» Entries supplied:
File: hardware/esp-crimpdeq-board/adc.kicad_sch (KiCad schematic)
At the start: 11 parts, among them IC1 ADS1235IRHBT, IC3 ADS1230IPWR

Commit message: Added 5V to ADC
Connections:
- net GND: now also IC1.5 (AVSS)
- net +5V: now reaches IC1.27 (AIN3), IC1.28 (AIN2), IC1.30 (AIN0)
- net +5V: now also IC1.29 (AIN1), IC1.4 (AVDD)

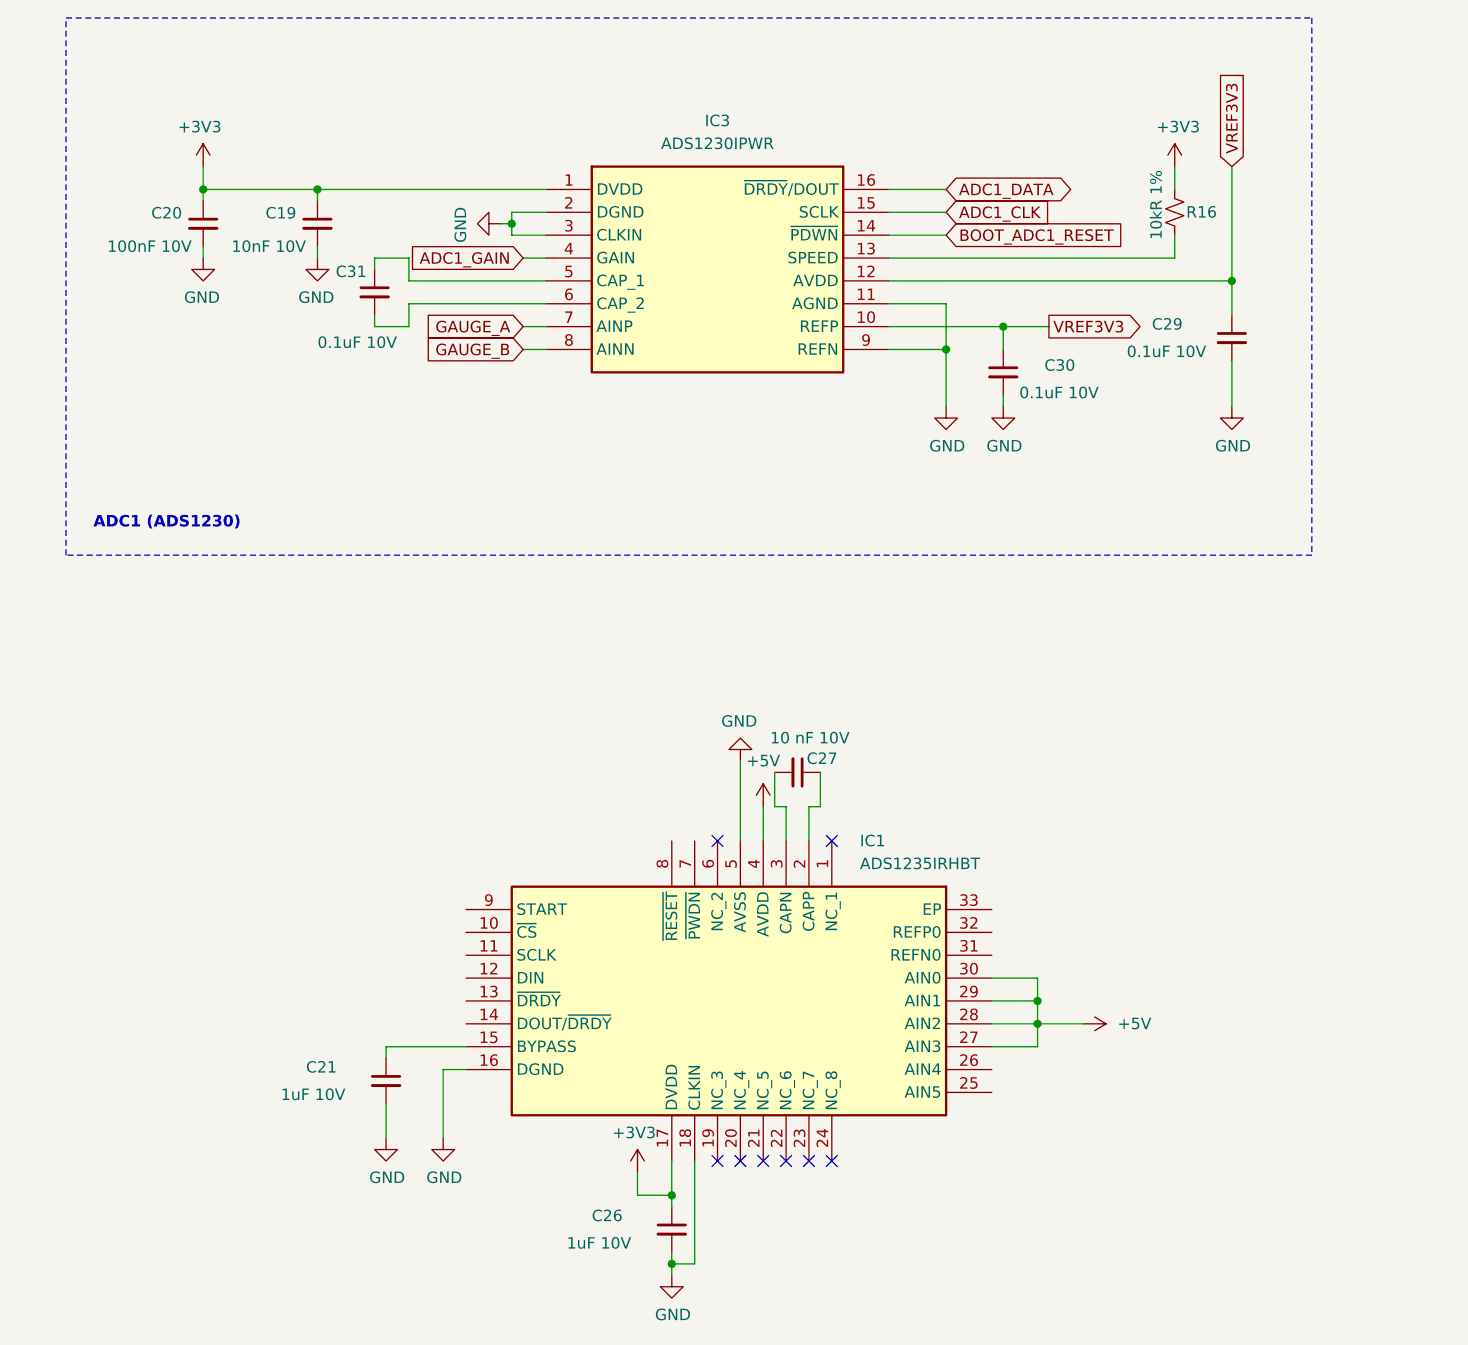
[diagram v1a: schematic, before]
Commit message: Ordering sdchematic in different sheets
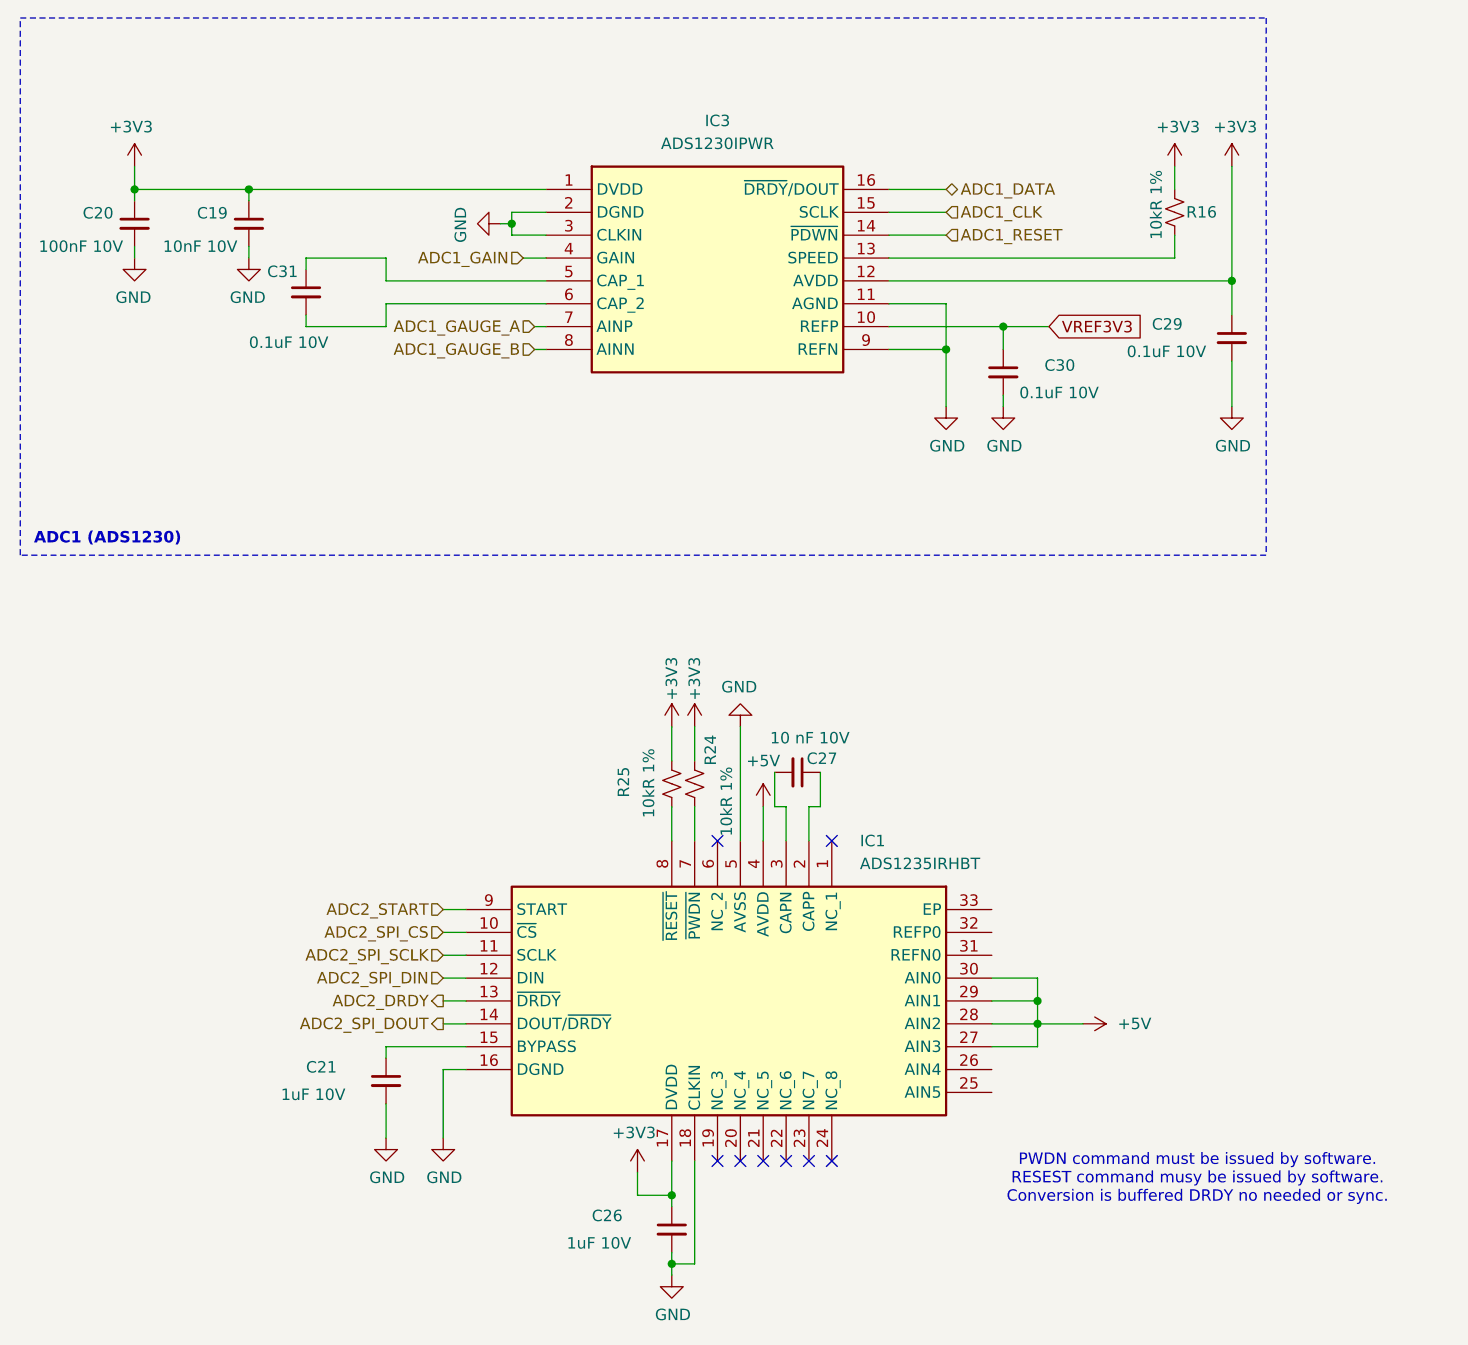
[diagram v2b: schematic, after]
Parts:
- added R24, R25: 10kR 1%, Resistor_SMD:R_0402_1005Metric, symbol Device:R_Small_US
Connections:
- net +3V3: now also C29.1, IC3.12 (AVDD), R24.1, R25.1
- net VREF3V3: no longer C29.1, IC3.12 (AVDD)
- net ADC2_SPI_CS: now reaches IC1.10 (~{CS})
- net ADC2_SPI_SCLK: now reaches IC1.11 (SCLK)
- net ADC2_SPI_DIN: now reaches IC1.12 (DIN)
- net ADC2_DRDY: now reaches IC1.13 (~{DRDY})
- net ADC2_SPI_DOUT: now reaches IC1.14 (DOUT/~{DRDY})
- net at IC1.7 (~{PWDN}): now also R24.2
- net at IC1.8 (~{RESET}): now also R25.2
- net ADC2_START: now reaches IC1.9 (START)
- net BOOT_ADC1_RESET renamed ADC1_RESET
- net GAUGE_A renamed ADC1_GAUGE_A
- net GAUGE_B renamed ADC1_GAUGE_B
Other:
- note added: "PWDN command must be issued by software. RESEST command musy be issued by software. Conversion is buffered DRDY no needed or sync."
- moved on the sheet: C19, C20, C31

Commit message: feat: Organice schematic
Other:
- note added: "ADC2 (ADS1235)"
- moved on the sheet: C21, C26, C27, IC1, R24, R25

» What to work on: All of the material should be written out again exactly, apart from the pictures.

» Response to this task:
File: hardware/esp-crimpdeq-board/adc.kicad_sch (KiCad schematic)
At the start: 11 parts, among them IC1 ADS1235IRHBT, IC3 ADS1230IPWR

Commit message: Added 5V to ADC
Connections:
- net GND: now also IC1.5 (AVSS)
- net +5V: now reaches IC1.27 (AIN3), IC1.28 (AIN2), IC1.30 (AIN0)
- net +5V: now also IC1.29 (AIN1), IC1.4 (AVDD)

[diagram v1a: schematic, before]
Commit message: Ordering sdchematic in different sheets
[diagram v2b: schematic, after]
Parts:
- added R24, R25: 10kR 1%, Resistor_SMD:R_0402_1005Metric, symbol Device:R_Small_US
Connections:
- net +3V3: now also C29.1, IC3.12 (AVDD), R24.1, R25.1
- net VREF3V3: no longer C29.1, IC3.12 (AVDD)
- net ADC2_SPI_CS: now reaches IC1.10 (~{CS})
- net ADC2_SPI_SCLK: now reaches IC1.11 (SCLK)
- net ADC2_SPI_DIN: now reaches IC1.12 (DIN)
- net ADC2_DRDY: now reaches IC1.13 (~{DRDY})
- net ADC2_SPI_DOUT: now reaches IC1.14 (DOUT/~{DRDY})
- net at IC1.7 (~{PWDN}): now also R24.2
- net at IC1.8 (~{RESET}): now also R25.2
- net ADC2_START: now reaches IC1.9 (START)
- net BOOT_ADC1_RESET renamed ADC1_RESET
- net GAUGE_A renamed ADC1_GAUGE_A
- net GAUGE_B renamed ADC1_GAUGE_B
Other:
- note added: "PWDN command must be issued by software. RESEST command musy be issued by software. Conversion is buffered DRDY no needed or sync."
- moved on the sheet: C19, C20, C31

Commit message: feat: Organice schematic
Other:
- note added: "ADC2 (ADS1235)"
- moved on the sheet: C21, C26, C27, IC1, R24, R25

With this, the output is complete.